* TO DO
Look for the word "layers" in the entries and copy every line where it shows up.

* INFORMATION SUPPLIED
------------------------------------------------------------------------
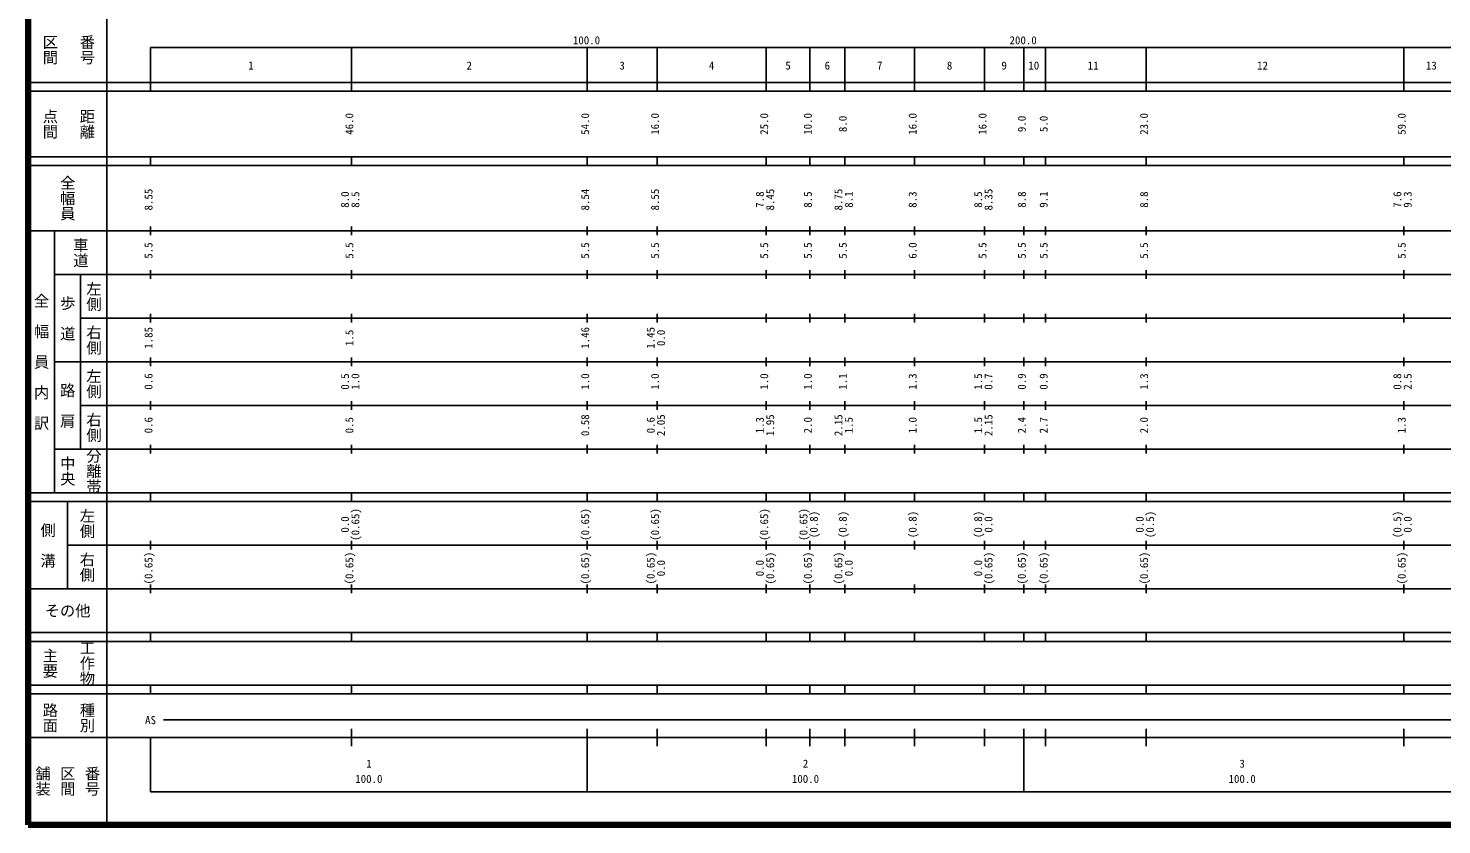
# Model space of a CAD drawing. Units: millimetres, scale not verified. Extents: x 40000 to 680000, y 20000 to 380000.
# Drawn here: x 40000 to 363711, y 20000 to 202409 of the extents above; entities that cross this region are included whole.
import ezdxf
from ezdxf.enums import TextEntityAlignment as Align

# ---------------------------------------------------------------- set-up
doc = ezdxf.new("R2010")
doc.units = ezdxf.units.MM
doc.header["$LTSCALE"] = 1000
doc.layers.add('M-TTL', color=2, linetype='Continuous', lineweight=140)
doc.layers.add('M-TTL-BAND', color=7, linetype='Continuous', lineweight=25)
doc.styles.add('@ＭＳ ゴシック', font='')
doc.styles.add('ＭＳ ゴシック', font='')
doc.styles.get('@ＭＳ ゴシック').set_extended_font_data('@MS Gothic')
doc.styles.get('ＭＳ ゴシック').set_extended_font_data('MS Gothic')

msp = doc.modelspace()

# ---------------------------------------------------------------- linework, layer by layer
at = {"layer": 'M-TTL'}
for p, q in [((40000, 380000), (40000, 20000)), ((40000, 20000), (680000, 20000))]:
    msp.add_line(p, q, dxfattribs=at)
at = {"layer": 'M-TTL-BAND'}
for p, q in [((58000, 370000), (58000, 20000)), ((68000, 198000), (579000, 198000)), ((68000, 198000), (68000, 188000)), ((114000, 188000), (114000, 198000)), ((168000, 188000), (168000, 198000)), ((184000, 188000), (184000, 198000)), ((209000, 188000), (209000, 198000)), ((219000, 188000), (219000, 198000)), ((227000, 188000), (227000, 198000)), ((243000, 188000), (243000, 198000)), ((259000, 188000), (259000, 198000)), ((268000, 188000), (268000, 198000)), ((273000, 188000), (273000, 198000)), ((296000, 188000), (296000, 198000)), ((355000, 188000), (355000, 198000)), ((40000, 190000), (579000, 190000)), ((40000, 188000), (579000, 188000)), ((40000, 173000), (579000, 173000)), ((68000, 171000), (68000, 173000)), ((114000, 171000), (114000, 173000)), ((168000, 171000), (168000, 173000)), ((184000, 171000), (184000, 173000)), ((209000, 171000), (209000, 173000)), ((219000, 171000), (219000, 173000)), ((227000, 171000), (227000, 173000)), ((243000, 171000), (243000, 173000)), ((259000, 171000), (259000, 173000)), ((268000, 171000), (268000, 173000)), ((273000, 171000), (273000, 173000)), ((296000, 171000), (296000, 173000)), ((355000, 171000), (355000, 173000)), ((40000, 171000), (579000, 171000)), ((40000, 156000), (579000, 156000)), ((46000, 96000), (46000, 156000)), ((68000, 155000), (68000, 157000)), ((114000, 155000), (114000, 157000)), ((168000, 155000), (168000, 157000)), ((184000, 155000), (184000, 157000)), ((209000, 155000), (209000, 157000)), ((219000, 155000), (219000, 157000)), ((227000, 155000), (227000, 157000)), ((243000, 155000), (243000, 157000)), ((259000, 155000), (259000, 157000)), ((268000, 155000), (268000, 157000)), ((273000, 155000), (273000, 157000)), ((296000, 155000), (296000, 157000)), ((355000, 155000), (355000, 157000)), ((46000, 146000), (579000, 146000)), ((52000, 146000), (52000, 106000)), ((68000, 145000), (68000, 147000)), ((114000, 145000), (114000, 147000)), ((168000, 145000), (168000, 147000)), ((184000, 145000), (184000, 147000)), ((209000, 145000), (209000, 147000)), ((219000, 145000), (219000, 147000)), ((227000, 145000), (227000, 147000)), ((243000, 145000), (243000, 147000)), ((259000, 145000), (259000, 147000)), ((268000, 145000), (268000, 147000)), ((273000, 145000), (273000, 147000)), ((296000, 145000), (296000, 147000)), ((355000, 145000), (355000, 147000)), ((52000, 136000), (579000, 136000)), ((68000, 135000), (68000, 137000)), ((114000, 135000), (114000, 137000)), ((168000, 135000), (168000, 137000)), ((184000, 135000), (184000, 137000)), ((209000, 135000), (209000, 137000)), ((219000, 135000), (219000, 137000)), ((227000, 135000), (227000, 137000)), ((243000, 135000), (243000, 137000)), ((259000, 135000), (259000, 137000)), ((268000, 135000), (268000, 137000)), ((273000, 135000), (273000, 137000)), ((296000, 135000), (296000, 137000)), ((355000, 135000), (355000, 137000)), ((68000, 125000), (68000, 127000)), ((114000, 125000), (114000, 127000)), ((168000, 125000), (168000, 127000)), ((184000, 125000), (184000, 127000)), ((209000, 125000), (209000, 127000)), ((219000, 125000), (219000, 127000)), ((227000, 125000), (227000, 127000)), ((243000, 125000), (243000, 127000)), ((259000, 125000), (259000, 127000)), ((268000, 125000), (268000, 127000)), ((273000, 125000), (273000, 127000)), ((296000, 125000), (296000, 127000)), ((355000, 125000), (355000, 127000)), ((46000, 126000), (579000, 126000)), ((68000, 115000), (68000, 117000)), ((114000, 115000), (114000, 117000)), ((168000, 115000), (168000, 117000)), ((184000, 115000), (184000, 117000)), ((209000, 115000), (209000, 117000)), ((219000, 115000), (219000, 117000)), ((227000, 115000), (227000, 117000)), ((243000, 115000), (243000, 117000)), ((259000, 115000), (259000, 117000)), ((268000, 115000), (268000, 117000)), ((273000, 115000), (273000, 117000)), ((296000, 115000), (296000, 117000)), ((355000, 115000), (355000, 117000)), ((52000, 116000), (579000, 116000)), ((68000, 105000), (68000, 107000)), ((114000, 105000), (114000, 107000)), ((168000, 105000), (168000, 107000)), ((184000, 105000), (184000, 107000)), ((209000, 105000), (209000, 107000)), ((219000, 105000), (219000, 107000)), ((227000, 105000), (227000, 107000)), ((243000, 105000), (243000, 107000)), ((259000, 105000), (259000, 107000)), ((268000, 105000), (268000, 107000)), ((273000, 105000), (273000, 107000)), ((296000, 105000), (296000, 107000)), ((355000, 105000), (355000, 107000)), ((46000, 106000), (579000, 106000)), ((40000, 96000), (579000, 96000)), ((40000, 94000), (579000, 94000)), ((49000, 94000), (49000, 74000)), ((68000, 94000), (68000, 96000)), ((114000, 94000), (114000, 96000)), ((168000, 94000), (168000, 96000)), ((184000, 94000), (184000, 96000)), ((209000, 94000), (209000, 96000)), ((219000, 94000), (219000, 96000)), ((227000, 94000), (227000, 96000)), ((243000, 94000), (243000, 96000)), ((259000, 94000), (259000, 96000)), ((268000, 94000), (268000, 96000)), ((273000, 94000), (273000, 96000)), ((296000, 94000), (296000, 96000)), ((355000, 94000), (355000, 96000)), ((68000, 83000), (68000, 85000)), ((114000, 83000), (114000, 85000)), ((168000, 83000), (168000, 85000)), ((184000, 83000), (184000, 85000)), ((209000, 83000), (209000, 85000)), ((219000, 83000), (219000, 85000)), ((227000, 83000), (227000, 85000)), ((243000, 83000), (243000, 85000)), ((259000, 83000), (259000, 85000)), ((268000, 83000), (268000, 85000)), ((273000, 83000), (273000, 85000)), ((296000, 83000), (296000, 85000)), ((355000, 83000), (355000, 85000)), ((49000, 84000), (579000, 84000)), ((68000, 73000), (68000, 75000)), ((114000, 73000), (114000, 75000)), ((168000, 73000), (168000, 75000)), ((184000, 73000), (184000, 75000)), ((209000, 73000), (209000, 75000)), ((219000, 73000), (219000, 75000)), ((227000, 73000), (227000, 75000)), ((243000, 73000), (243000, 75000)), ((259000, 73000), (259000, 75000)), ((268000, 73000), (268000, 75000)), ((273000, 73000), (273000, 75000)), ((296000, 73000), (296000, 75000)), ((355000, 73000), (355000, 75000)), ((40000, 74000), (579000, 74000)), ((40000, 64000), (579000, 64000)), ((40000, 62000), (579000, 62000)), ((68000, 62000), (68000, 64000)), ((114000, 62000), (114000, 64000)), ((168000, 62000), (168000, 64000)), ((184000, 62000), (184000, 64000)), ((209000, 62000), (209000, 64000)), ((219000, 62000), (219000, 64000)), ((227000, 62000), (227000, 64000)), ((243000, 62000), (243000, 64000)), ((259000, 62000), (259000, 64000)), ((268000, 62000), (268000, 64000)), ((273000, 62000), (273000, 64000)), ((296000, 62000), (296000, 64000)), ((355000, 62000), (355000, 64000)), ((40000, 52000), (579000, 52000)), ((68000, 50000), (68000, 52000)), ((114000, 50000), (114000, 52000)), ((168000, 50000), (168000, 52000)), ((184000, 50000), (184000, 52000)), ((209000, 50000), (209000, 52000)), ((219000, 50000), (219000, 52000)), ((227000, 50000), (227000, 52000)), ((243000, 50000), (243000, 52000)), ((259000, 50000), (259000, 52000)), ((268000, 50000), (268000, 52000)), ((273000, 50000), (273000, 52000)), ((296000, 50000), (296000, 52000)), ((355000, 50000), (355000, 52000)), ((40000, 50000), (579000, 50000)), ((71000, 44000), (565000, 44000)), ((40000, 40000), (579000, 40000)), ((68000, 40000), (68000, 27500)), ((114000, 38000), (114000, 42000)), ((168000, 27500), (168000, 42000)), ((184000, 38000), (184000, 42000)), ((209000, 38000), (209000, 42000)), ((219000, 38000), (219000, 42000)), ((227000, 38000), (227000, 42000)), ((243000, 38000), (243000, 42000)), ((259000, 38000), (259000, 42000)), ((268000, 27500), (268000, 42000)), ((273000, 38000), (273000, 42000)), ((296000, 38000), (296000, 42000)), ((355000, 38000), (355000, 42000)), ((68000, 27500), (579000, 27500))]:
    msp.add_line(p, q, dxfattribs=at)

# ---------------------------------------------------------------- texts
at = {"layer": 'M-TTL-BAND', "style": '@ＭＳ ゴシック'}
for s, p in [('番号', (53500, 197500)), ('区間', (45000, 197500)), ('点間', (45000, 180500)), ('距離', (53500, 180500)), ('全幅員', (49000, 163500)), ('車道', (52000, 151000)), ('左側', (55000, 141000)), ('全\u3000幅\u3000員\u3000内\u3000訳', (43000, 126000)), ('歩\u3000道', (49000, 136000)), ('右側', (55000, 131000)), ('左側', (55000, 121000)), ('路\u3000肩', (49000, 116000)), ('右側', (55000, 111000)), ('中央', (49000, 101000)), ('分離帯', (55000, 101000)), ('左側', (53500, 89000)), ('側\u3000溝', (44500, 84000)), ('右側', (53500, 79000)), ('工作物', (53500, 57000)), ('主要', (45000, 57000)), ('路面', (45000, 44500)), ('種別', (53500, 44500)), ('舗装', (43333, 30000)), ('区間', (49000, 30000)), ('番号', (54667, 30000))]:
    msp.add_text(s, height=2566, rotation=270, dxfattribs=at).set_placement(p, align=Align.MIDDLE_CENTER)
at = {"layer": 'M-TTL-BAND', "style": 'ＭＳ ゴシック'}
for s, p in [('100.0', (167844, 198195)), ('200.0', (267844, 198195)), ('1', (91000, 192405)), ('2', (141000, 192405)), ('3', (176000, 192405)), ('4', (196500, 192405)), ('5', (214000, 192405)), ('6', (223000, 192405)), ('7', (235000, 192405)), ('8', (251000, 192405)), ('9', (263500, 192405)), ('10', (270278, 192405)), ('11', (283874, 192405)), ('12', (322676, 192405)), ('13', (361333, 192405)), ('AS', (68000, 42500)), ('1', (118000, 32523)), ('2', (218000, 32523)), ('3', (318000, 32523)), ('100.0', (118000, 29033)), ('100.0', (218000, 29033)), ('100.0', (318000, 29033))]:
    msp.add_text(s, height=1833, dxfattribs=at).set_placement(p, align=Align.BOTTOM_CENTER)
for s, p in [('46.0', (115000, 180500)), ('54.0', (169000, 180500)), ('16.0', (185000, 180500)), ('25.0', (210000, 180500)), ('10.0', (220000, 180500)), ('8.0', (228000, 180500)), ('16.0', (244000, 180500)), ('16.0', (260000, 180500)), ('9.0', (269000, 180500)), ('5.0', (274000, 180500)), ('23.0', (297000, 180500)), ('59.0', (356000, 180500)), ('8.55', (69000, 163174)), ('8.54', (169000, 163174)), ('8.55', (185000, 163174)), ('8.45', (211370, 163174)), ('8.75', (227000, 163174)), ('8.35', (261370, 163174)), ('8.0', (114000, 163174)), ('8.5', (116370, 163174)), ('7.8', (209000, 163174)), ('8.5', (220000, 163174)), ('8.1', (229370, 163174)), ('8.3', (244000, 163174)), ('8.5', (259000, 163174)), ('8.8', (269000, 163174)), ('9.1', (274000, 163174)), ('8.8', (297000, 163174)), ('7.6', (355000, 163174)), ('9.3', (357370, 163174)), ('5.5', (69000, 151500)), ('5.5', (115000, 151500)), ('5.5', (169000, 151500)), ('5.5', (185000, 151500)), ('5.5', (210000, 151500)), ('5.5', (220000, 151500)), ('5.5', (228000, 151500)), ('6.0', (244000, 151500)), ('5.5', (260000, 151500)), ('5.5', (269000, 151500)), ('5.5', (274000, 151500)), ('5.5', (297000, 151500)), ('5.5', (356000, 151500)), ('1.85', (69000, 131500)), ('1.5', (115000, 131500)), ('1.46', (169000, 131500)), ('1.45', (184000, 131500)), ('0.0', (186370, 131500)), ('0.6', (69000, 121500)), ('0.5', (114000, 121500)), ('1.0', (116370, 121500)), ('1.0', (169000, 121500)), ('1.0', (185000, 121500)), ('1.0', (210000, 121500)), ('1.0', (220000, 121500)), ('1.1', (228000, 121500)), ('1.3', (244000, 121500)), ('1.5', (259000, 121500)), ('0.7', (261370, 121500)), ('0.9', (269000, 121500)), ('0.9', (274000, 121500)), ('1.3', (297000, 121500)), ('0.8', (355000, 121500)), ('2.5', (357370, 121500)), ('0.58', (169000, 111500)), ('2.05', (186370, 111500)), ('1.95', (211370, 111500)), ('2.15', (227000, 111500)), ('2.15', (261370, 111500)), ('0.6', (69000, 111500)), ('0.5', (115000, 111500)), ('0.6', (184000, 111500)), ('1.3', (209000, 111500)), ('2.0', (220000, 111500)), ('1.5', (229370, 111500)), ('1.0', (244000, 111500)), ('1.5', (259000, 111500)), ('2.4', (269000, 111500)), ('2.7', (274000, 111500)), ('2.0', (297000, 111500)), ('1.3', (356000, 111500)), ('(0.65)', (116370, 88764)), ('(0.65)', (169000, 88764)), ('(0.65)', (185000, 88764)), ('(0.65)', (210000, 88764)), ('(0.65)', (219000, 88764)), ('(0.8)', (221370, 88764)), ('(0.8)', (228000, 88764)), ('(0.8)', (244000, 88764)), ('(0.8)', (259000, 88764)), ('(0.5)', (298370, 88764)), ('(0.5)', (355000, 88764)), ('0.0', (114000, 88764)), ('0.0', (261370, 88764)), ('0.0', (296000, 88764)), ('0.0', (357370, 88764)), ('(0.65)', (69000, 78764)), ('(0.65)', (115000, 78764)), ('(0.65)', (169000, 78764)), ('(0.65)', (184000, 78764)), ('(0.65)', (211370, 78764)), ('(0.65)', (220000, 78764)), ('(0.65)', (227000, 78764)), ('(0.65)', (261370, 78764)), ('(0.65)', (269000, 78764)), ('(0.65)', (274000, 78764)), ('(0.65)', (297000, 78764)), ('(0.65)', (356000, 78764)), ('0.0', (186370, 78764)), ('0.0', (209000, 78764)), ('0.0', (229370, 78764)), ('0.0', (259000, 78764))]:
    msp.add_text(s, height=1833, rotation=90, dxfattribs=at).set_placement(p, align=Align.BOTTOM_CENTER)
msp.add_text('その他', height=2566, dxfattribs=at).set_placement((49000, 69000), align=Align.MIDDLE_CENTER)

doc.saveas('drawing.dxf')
------------------------------------------------------------------------
* ANSWER TO THE PROBLEM
doc.layers.add('M-TTL', color=2, linetype='Continuous', lineweight=140)
doc.layers.add('M-TTL-BAND', color=7, linetype='Continuous', lineweight=25)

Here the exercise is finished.